# Chunk Honey In Jars



## KGreen (Aug 26, 2008)

I"m entering some of my honey in the state fair and maybe someone could answer this question. When you put the comb in 1 and 2 lb. "Queenline" the thin oval shaped jars, How do you keep the comb from floating from the bottom? I talked to a lady that is a judge and she had no answer but, she did say this was very important. Two classes I am asking about are 4, 1-lb containers of chunk honey and 4, 2-lb containers of chunk honey.
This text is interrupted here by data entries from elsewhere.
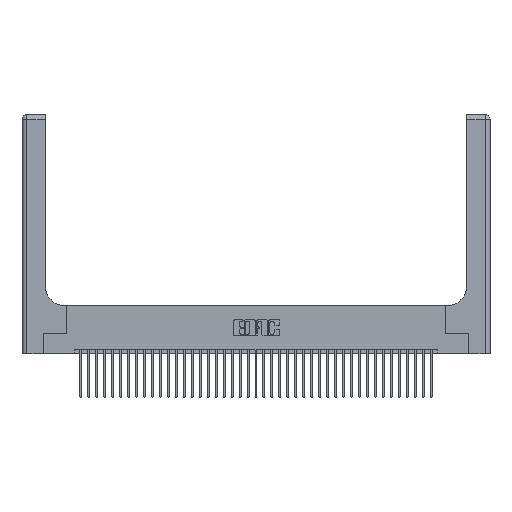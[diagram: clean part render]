
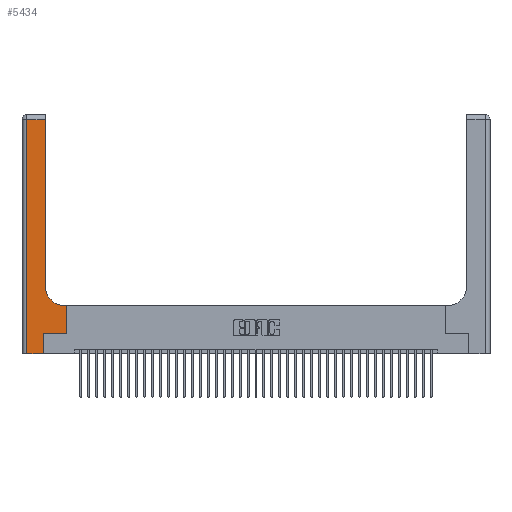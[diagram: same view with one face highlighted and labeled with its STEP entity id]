
A CAD part, top view. The second image highlights one B-rep face of the part: STEP entity #5434.
In plain terms, the highlighted planar face has unit normal (0, 0, 1).
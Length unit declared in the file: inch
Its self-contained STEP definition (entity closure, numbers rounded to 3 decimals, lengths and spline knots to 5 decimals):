
#576 = ORIENTED_EDGE ( 'NONE', *, *, #18816, .T. ) ;
#628 = VECTOR ( 'NONE', #19730, 39.37008 ) ;
#723 = LINE ( 'NONE', #15102, #32694 ) ;
#979 = DIRECTION ( 'NONE',  ( 0., -1., 0. ) ) ;
#1643 = LINE ( 'NONE', #11262, #30653 ) ;
#2511 = VECTOR ( 'NONE', #979, 39.37008 ) ;
#2637 = VERTEX_POINT ( 'NONE', #9568 ) ;
#2702 = AXIS2_PLACEMENT_3D ( 'NONE', #16083, #31744, #29038 ) ;
#3215 = ORIENTED_EDGE ( 'NONE', *, *, #26436, .T. ) ;
#5434 = ADVANCED_FACE ( 'NONE', ( #15846 ), #19444, .F. ) ;
#5465 = ORIENTED_EDGE ( 'NONE', *, *, #9622, .T. ) ;
#5749 = VECTOR ( 'NONE', #19033, 39.37008 ) ;
#6243 = VERTEX_POINT ( 'NONE', #12331 ) ;
#6586 = CARTESIAN_POINT ( 'NONE',  ( 0., 2.94, 0.37 ) ) ;
#7550 = CARTESIAN_POINT ( 'NONE',  ( 0.2915, 2.94, 0.37 ) ) ;
#8482 = CARTESIAN_POINT ( 'NONE',  ( 0.5415, 0.6, 0.37 ) ) ;
#9568 = CARTESIAN_POINT ( 'NONE',  ( 0.06, 2.94, 0.37 ) ) ;
#9622 = EDGE_CURVE ( 'NONE', #29836, #24825, #15107, .T. ) ;
#11150 = CARTESIAN_POINT ( 'NONE',  ( 0.269, 0., 0.37 ) ) ;
#11262 = CARTESIAN_POINT ( 'NONE',  ( 0.269, 0., 0.37 ) ) ;
#11525 = ORIENTED_EDGE ( 'NONE', *, *, #14903, .T. ) ;
#11715 = CARTESIAN_POINT ( 'NONE',  ( 0.2915, 0.6, 0.37 ) ) ;
#12331 = CARTESIAN_POINT ( 'NONE',  ( 0.269, 0.25, 0.37 ) ) ;
#13725 = CARTESIAN_POINT ( 'NONE',  ( 0.2915, 0.85, 0.37 ) ) ;
#13751 = LINE ( 'NONE', #6586, #37416 ) ;
#13933 = VECTOR ( 'NONE', #39858, 39.37008 ) ;
#13965 = LINE ( 'NONE', #25239, #5749 ) ;
#13979 = EDGE_CURVE ( 'NONE', #24825, #22133, #13965, .T. ) ;
#14293 = LINE ( 'NONE', #31483, #628 ) ;
#14597 = CARTESIAN_POINT ( 'NONE',  ( 0.5415, 0.85, 0.37 ) ) ;
#14903 = EDGE_CURVE ( 'NONE', #20486, #29836, #35686, .T. ) ;
#15096 = LINE ( 'NONE', #34377, #37315 ) ;
#15102 = CARTESIAN_POINT ( 'NONE',  ( 0.269, 0.25, 0.37 ) ) ;
#15107 = CIRCLE ( 'NONE', #32257, 0.25 ) ;
#15846 = FACE_OUTER_BOUND ( 'NONE', #18485, .T. ) ;
#16083 = CARTESIAN_POINT ( 'NONE',  ( 0., 3., 0.37 ) ) ;
#16211 = VERTEX_POINT ( 'NONE', #34806 ) ;
#16817 = EDGE_CURVE ( 'NONE', #24841, #6243, #1643, .T. ) ;
#17151 = EDGE_CURVE ( 'NONE', #22133, #2637, #13751, .T. ) ;
#18307 = CARTESIAN_POINT ( 'NONE',  ( 0.5585, 0.25, 0.37 ) ) ;
#18485 = EDGE_LOOP ( 'NONE', ( #38748, #25121, #576, #23155, #36922, #33824, #3215, #11525, #5465 ) ) ;
#18816 = EDGE_CURVE ( 'NONE', #2637, #16211, #34396, .T. ) ;
#19033 = DIRECTION ( 'NONE',  ( 0., 1., 0. ) ) ;
#19444 = PLANE ( 'NONE',  #2702 ) ;
#19730 = DIRECTION ( 'NONE',  ( 0., 1., 0. ) ) ;
#20389 = DIRECTION ( 'NONE',  ( 1., 0., 0. ) ) ;
#20486 = VERTEX_POINT ( 'NONE', #25766 ) ;
#22133 = VERTEX_POINT ( 'NONE', #7550 ) ;
#22173 = VERTEX_POINT ( 'NONE', #18307 ) ;
#23155 = ORIENTED_EDGE ( 'NONE', *, *, #35020, .T. ) ;
#24825 = VERTEX_POINT ( 'NONE', #13725 ) ;
#24841 = VERTEX_POINT ( 'NONE', #11150 ) ;
#25121 = ORIENTED_EDGE ( 'NONE', *, *, #17151, .T. ) ;
#25239 = CARTESIAN_POINT ( 'NONE',  ( 0.2915, 3., 0.37 ) ) ;
#25331 = CARTESIAN_POINT ( 'NONE',  ( 0.06, 3., 0.37 ) ) ;
#25766 = CARTESIAN_POINT ( 'NONE',  ( 0.5585, 0.6, 0.37 ) ) ;
#26436 = EDGE_CURVE ( 'NONE', #22173, #20486, #14293, .T. ) ;
#28415 = DIRECTION ( 'NONE',  ( 1., 0., 0. ) ) ;
#29038 = DIRECTION ( 'NONE',  ( -1., 0., 0. ) ) ;
#29836 = VERTEX_POINT ( 'NONE', #8482 ) ;
#30653 = VECTOR ( 'NONE', #35457, 39.37008 ) ;
#31483 = CARTESIAN_POINT ( 'NONE',  ( 0.5585, 0.25, 0.37 ) ) ;
#31744 = DIRECTION ( 'NONE',  ( 0., 0., -1. ) ) ;
#32257 = AXIS2_PLACEMENT_3D ( 'NONE', #14597, #35812, #20389 ) ;
#32694 = VECTOR ( 'NONE', #33053, 39.37008 ) ;
#33053 = DIRECTION ( 'NONE',  ( 1., 0., 0. ) ) ;
#33824 = ORIENTED_EDGE ( 'NONE', *, *, #38736, .T. ) ;
#34377 = CARTESIAN_POINT ( 'NONE',  ( 0., 0., 0.37 ) ) ;
#34396 = LINE ( 'NONE', #25331, #2511 ) ;
#34806 = CARTESIAN_POINT ( 'NONE',  ( 0.06, 0., 0.37 ) ) ;
#35020 = EDGE_CURVE ( 'NONE', #16211, #24841, #15096, .T. ) ;
#35457 = DIRECTION ( 'NONE',  ( 0., 1., 0. ) ) ;
#35686 = LINE ( 'NONE', #11715, #13933 ) ;
#35812 = DIRECTION ( 'NONE',  ( 0., 0., -1. ) ) ;
#36922 = ORIENTED_EDGE ( 'NONE', *, *, #16817, .T. ) ;
#37315 = VECTOR ( 'NONE', #28415, 39.37008 ) ;
#37416 = VECTOR ( 'NONE', #37673, 39.37008 ) ;
#37673 = DIRECTION ( 'NONE',  ( -1., 0., 0. ) ) ;
#38736 = EDGE_CURVE ( 'NONE', #6243, #22173, #723, .T. ) ;
#38748 = ORIENTED_EDGE ( 'NONE', *, *, #13979, .T. ) ;
#39858 = DIRECTION ( 'NONE',  ( -1., 0., 0. ) ) ;

Any help would be appreciated!!


----------



## honeyman46408 (Feb 14, 2003)

well to keep it from floating cut the comb just as long (high) as the jar but some judges dont want anything to touch the lid sooooo.Some suppliers sell a 1 pound stright sided jar that is for chunk honey (Brushy Mountain I thing has them)Another thought (smell the smoke) I did some 2 1/2 pound jars of chunk for our fair and was having a time putting comb in without damageing it so I froze so I could handle it better.


----------



## samak (Sep 15, 2006)

Try to heat up the empty glass jars in the oven for a while so they get warm/hot. Then, when the jars are still warm, put the honey comb in them. That way, as the honey comb touches the bottom of the warm jar, it should melt the wax a little bit then as it cools it should stay "glued" to the bottom of the jar. You may need to practice with it a bit.


----------



## KGreen (Aug 26, 2008)

thanks honeyman,
There are 2 classes, One is for 4, 1lb containers, Then another for 4, 1 pint containers. Is there a difference? Also, is there a smooth sided,wide-mouth pint and quart jar.

Thanks for the other reply


----------



## honeyman46408 (Feb 14, 2003)

Yes a pint holds 1 1/2 pound of honey so the wide mouth pint is what I use 

We have 2 classes too on is for 1-2 1/2 pound and one is 4 pts

Heating the jar sounds like a real good idea:thumbsup:


----------



## suttonbeeman (Aug 22, 2003)

make a template out of stiff paper or thin cardboard. You want the chunk of comb to be as big as possable BUT NOT bigger than the opening of the jar so you dont bugger the side of comb putting it in the jar).. cut sides of the comb....you want them straight and smooth ( a thin knife blade helps) Comb should be from bottom of jar to top edge of glass. If you squish the bottom to make it stick, you will probably be docked points. I have never been docked points for comb touching the lid. You will get docked points for honey on lid in strained classes or creme, I have won many blue ribbons and Best of show at American Honey show with a perfect 100 pts like this. If I was judging and honey comb was stuck to bottom and mushed....I would dock points (probably 5).


----------